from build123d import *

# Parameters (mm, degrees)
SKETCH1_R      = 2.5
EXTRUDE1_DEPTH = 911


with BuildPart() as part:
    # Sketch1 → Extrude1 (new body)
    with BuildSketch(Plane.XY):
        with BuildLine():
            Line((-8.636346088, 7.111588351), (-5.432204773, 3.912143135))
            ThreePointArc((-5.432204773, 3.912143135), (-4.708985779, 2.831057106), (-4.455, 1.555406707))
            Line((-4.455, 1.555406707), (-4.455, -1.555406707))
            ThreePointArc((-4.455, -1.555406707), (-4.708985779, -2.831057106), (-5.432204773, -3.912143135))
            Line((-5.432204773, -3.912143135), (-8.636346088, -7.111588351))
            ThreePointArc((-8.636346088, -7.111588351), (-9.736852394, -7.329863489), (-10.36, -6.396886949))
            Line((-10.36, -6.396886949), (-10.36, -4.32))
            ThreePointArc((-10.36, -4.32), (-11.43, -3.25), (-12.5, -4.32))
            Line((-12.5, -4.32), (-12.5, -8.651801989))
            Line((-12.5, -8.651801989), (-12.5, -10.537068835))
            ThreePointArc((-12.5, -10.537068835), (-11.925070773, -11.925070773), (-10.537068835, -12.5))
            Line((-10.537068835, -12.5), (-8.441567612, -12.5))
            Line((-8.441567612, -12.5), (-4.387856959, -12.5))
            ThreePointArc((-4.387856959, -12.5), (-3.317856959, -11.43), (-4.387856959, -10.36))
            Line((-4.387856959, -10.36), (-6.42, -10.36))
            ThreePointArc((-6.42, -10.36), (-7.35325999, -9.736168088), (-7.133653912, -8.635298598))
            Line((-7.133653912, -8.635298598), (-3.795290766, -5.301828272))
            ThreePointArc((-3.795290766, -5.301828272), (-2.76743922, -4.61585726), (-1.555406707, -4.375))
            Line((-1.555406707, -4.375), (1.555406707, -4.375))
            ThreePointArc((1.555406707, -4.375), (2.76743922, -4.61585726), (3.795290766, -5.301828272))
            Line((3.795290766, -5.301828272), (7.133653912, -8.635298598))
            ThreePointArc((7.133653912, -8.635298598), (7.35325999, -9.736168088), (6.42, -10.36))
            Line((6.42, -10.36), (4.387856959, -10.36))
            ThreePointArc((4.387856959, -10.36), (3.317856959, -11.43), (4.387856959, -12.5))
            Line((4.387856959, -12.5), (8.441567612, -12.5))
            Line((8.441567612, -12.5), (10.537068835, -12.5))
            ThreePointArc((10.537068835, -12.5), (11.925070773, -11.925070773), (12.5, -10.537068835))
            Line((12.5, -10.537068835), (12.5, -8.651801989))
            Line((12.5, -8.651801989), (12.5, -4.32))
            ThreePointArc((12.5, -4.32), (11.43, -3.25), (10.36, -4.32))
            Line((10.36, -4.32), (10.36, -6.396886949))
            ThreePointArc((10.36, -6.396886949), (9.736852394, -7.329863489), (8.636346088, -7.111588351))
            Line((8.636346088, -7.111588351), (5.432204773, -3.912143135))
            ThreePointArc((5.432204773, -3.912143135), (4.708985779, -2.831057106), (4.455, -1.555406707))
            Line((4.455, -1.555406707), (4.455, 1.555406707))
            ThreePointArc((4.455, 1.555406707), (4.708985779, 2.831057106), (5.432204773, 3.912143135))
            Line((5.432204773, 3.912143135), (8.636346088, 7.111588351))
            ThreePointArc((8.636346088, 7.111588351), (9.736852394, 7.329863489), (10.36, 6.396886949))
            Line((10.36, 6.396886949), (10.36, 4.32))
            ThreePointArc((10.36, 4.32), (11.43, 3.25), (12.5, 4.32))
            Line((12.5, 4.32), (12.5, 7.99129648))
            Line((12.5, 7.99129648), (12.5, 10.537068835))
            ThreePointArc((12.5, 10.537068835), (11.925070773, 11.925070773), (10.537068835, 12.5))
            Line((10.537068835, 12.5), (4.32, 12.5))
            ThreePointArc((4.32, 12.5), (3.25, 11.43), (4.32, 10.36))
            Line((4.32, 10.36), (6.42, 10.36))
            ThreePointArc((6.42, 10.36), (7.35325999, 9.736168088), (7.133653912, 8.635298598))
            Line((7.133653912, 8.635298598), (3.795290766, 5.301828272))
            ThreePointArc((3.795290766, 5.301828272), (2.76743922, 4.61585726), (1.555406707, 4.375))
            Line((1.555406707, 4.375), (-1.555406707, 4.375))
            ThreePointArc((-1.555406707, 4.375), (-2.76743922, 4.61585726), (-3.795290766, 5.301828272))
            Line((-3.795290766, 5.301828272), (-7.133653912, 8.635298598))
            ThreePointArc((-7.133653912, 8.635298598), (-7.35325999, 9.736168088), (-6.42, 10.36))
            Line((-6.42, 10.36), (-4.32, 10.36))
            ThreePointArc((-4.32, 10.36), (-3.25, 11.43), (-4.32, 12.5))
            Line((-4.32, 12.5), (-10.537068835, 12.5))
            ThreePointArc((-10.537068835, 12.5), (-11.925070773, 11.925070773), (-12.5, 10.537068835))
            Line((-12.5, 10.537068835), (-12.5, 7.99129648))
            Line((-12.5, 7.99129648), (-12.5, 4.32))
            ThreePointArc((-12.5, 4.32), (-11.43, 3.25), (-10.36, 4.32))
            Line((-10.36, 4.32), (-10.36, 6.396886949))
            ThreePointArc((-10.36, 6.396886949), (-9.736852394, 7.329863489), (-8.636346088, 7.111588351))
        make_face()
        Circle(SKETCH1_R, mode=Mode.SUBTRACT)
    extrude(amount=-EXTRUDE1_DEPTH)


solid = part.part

Exercise instructions:
Give back precisely the lines above that start at the line containing "-4.61585726), (-1.555406707, -4.375))" and end at the line containing "-9.736168088), (6.42, -10.36))", inclusive. No other lines belong in the output.

The completed task:
            ThreePointArc((-3.795290766, -5.301828272), (-2.76743922, -4.61585726), (-1.555406707, -4.375))
            Line((-1.555406707, -4.375), (1.555406707, -4.375))
            ThreePointArc((1.555406707, -4.375), (2.76743922, -4.61585726), (3.795290766, -5.301828272))
            Line((3.795290766, -5.301828272), (7.133653912, -8.635298598))
            ThreePointArc((7.133653912, -8.635298598), (7.35325999, -9.736168088), (6.42, -10.36))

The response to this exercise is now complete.